Bald hat die gute alte Schiefertafel ausgedient

Aufgaben im Englischunterricht auf dem Tablet lösen – in den Schulen soll das durch den Digitalpakt des Bundes bald Alltag sein. Doch wer trägt die Folgekosten?

Aufgaben im Englischunterricht auf dem Tablet lösen – in den Schulen soll das durch den Digitalpakt des Bundes bald Alltag sein. Doch wer trägt die Folgekosten?

Foto: dpa Picture-Alliance / Julian Stratenschulte / picture alliance/dpa

Lauenburg. Für 484.000 Euro kann Lauenburg seine Schulen für das digitale Zeitalter fit machen. Das Geld soll in die Infrastruktur fließen.

Lauenburg.  Schnelles Internet, um nach Informationen zu suchen, Whiteboards statt der guten alten Schiefertafel – für die digitale Ausstattung der Schulen stellt der Bund in den kommenden fünf Jahren fünf Milliarden Euro zur Verfügung. Das Land Schleswig-Holstein erhält aus diesem Fördertopf 142 Millionen Euro, im Kreis Herzogtum Lauenburg kommen davon 8,4 Millionen Euro an.

Lauenburg vom Eigenanteil befreit

„Für unsere beiden Schulen stehen 484.000 Euro zur Verfügung“, freut sich Lauenburgs Kämmerer Thomas Burmester. Normalerweise müsste die Stadt diese Summe noch um 15 Prozent Eigenanteil erhöhen. Weil finanziell schwach gestellte Kommunen von dieser Festlegung jedoch befreit sind, entfällt für die Stadt Lauenburg diese Förderrichtlinie.

Ganz von vorn muss die Stadt als Schulträger in Sachen Digitalisierung aber nicht anfangen. Sowohl die Albinus-Gemeinschaftsschule als auch die Weingartenschule verfügen zumindest bereits über WLAN. Innerhalb der Gebäude sind auch schon Glasfaserkabel verlegt.

„In der Bergstraße haben wir während der Kabelarbeiten auch schon die Voraussetzung geschaffen, dass uns die Telekom mit schnellem Internet über die Glasfasertechnik versorgen kann“, sagt Burmester. Da der Digitalpakt bereits Maßnahmen abdeckt, die ab Mai dieses Jahres in Angriff genommen wurden, fällt diese Investition bereits in die Förderung.

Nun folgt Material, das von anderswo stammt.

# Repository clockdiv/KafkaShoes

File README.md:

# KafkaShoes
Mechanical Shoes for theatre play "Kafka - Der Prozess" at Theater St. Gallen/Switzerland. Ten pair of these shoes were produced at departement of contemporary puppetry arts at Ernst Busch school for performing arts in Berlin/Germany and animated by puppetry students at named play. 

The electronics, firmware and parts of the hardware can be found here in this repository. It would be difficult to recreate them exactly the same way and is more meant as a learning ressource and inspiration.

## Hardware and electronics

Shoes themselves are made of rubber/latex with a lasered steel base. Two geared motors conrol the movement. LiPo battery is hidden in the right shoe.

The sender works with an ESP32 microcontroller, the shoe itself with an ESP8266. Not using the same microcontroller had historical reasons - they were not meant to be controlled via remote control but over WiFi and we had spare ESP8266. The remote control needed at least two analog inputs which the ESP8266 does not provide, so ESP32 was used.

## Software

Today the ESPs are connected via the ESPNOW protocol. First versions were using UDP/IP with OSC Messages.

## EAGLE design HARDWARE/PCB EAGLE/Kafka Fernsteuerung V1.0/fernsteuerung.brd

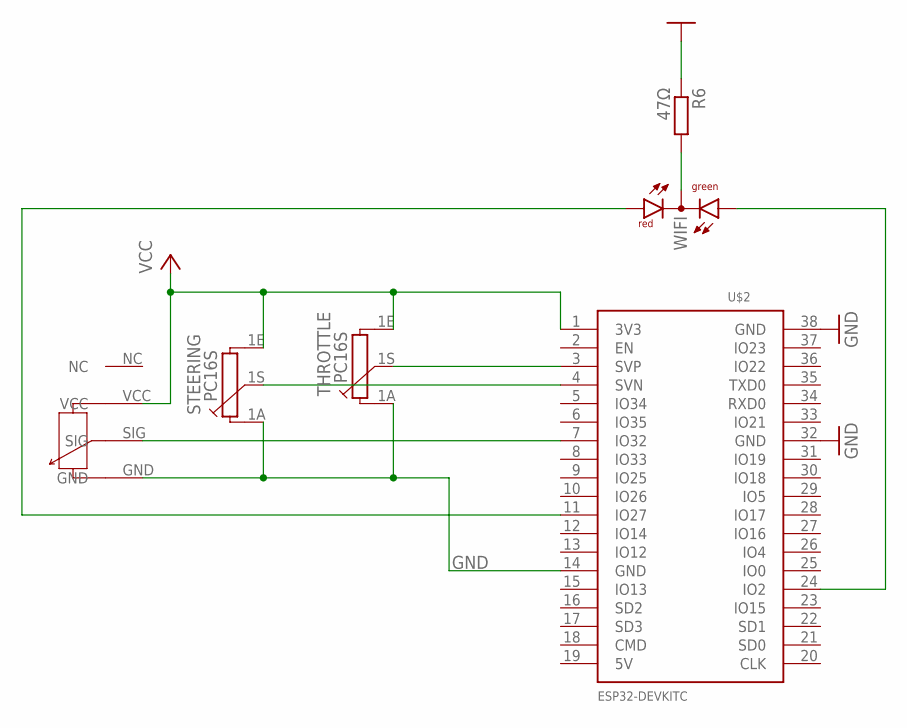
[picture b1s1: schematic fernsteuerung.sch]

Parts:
R6: 47Ω; R0603
STEERING: PC16S
THROTTLE: PC16S
TRIM: ALPS_RK11K
U$2: ESP32DEVKITC; ESP32-DEVKITC
WIFI: DUOLED-RG-C3MM; DUOLED-A-3MM

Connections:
GND: R6.1, STEERING.1A, THROTTLE.1A, TRIM.GND, U$2.14 (GND), U$2.32 (GND), U$2.38 (GND)
unnamed: U$2.11 (IO27), WIFI.3 (AR)
unnamed: TRIM.SIG, U$2.7 (IO32)
unnamed: STEERING.1S, U$2.4 (SVN)
unnamed: THROTTLE.1S, U$2.3 (SVP)
unnamed: R6.2, WIFI.2 (C)
VCC: STEERING.1E, THROTTLE.1E, TRIM.VCC, U$2.1 (3V3)
WIFI_STATUS: U$2.24 (IO2), WIFI.1 (AG)

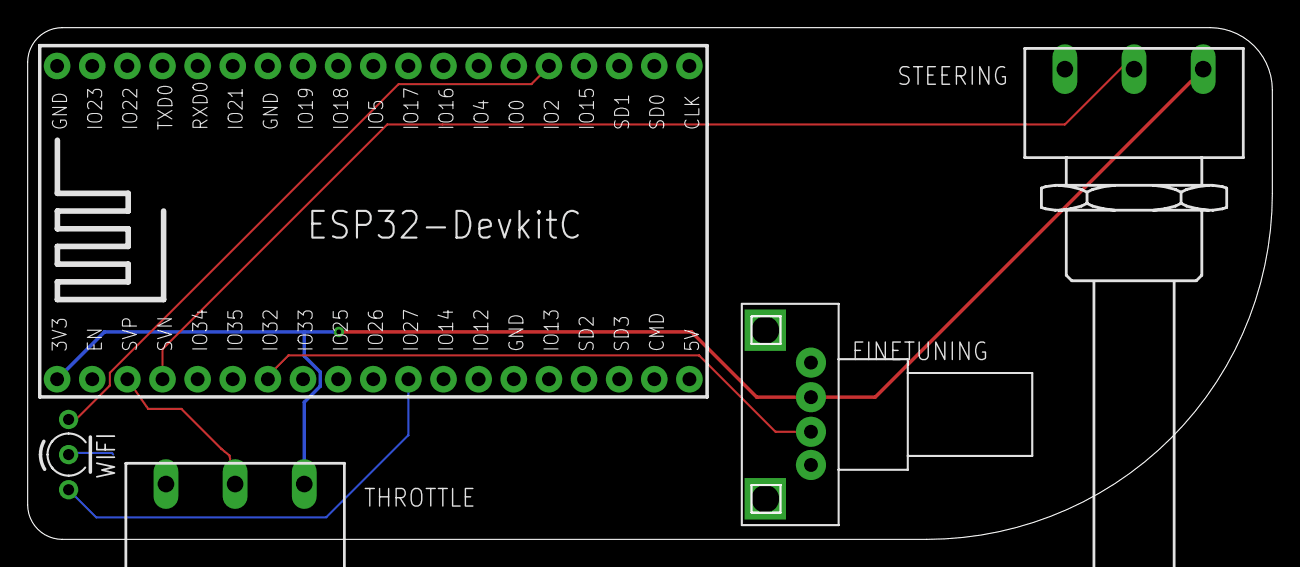
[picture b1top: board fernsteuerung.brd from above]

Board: 2 copper layers, 89.8 x 36.8 mm, 6 parts (1 on the bottom side), 8 nets.

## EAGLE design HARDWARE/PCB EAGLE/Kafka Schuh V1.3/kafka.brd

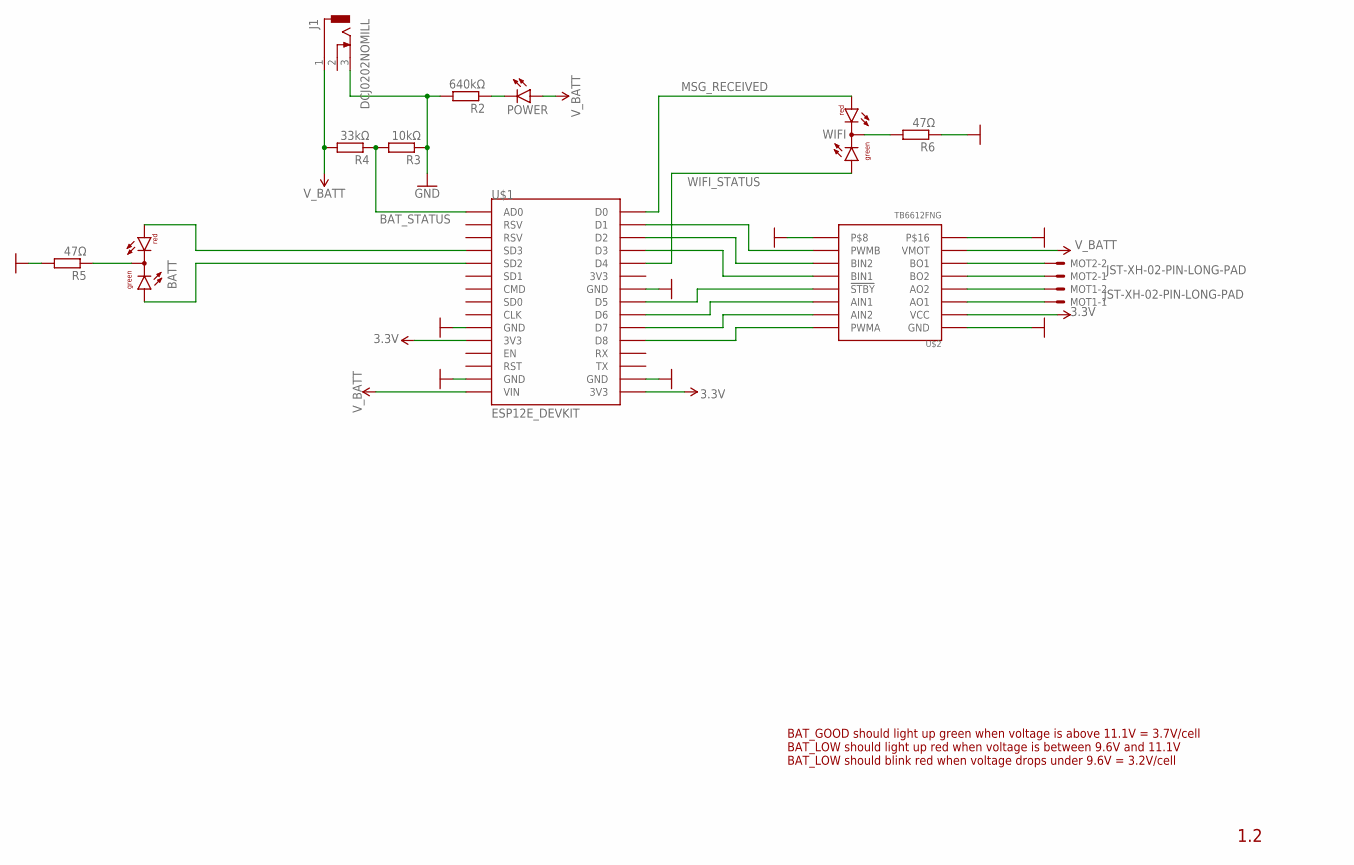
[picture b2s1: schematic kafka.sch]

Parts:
BATT: DUOLED-RG-C3MM; DUOLED-A-3MM
J1: DCJ0202NOMILL; DCJ0202_NOMILL
MOT1, MOT2: JST-XH-02-PIN-LONG-PAD; JST-XH-02-PACKAGE-LONG-PAD
POWER: LED3MM
R2: 640kΩ; R0603
R3: 10kΩ; R0603
R4: 33kΩ; R0603
R5, R6: 47Ω; R0603
U$1: ESP12E_DEVKIT
U$2: TB6612FNG
WIFI: DUOLED-RG-C3MM; DUOLED-A-3MM

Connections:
3.3V: U$1.3V3@2 (3V3), U$2.VCC
AIN1: U$1.D6, U$2.AIN1
AIN2: U$1.D7, U$2.AIN2
BAT_STATUS: R3.2, R4.1, U$1.AD0
BIN1: U$1.D3, U$2.BIN1
BIN2: U$1.D2, U$2.BIN2
GND: J1.3, R2.2, R3.1, R5.2, R6.1, U$1.GND@0 (GND), U$1.GND@1 (GND), U$1.GND@2 (GND), U$1.GND@3 (GND), U$2.GND, U$2.TB6612FNG1, U$2.TB6612FNG2
MSG_RECEIVED: U$1.D0, WIFI.3 (AR)
unnamed: MOT2.2, U$2.BO1
unnamed: MOT2.1, U$2.BO2
unnamed: MOT1.2, U$2.AO2
unnamed: MOT1.1, U$2.AO1
unnamed: R6.2, WIFI.2 (C)
unnamed: POWER.K (C), R2.1
unnamed: BATT.1 (AG), U$1.SD2
unnamed: BATT.3 (AR), U$1.SD3
unnamed: BATT.2 (C), R5.1
PWMA: U$1.D8, U$2.PWMA
PWMB: U$1.D1, U$2.PWMB
STBY: U$1.D5, U$2.!STBY
V_BATT: J1.1, POWER.A, R4.2, U$1.VIN, U$2.VMOT
WIFI_STATUS: U$1.D4, WIFI.1 (AG)

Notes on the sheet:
1.2
BAT_GOOD should light up green when voltage is above 11.1V = 3.7V/cell BAT_LOW should light up red when voltage is between 9.6V and 11.1V BAT_LOW should blink red when voltage drops under 9.6V = 3.2V/cell

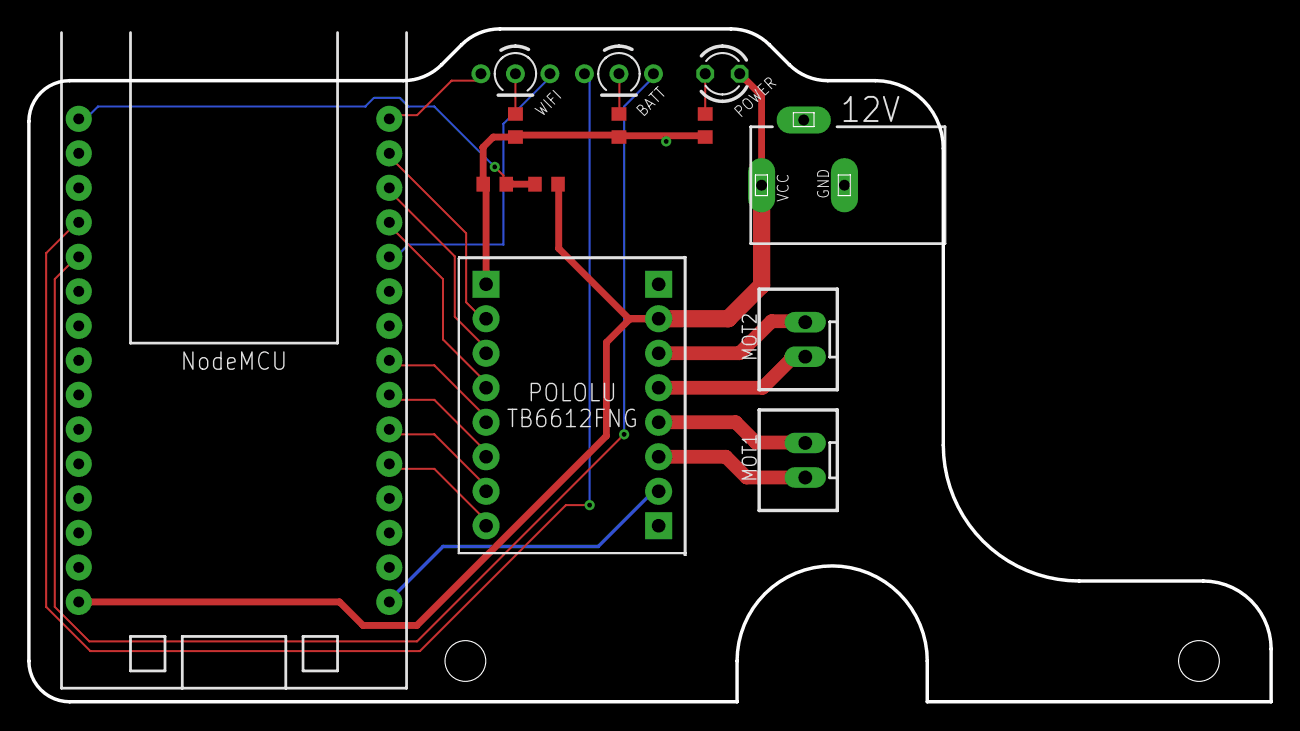
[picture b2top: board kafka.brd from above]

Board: 2 copper layers, 91.4 x 49.5 mm, 13 parts (0 on the bottom side), 22 nets.

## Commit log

2022-01-22 Initial Commit
    initial commit aka backup and finally publishing it
2022-02-23 added all shoes
    added MAC Adresses of many more shoes!

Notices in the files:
parts and their libraries:
SparkFun-PowerSymbols_jj: Licensing: Creative Commons ShareAlike 4.0 International - https://creativecommons.org/licenses/by-sa/4.0

Stadt stellt nur Infrastruktur zur Verfügung

Wie die restliche Summe aus dem Fördertopf zwischen den beiden Schulen aufgeteilt wird, muss die Stadtvertretung entscheiden. „Ich gehe davon aus, dass es zu einer bedarfsorientierten Zuwendung kommt“, meint der Kämmerer. Um eine Bestandsaufnahme zu machen, den Bedarf zu analysieren und schließlich den Antrag zu stellen, hat sich eine Arbeitsgruppe aus Vertretern der Verwaltung, den beiden Schulleitungen und Lehrkräften gebildet.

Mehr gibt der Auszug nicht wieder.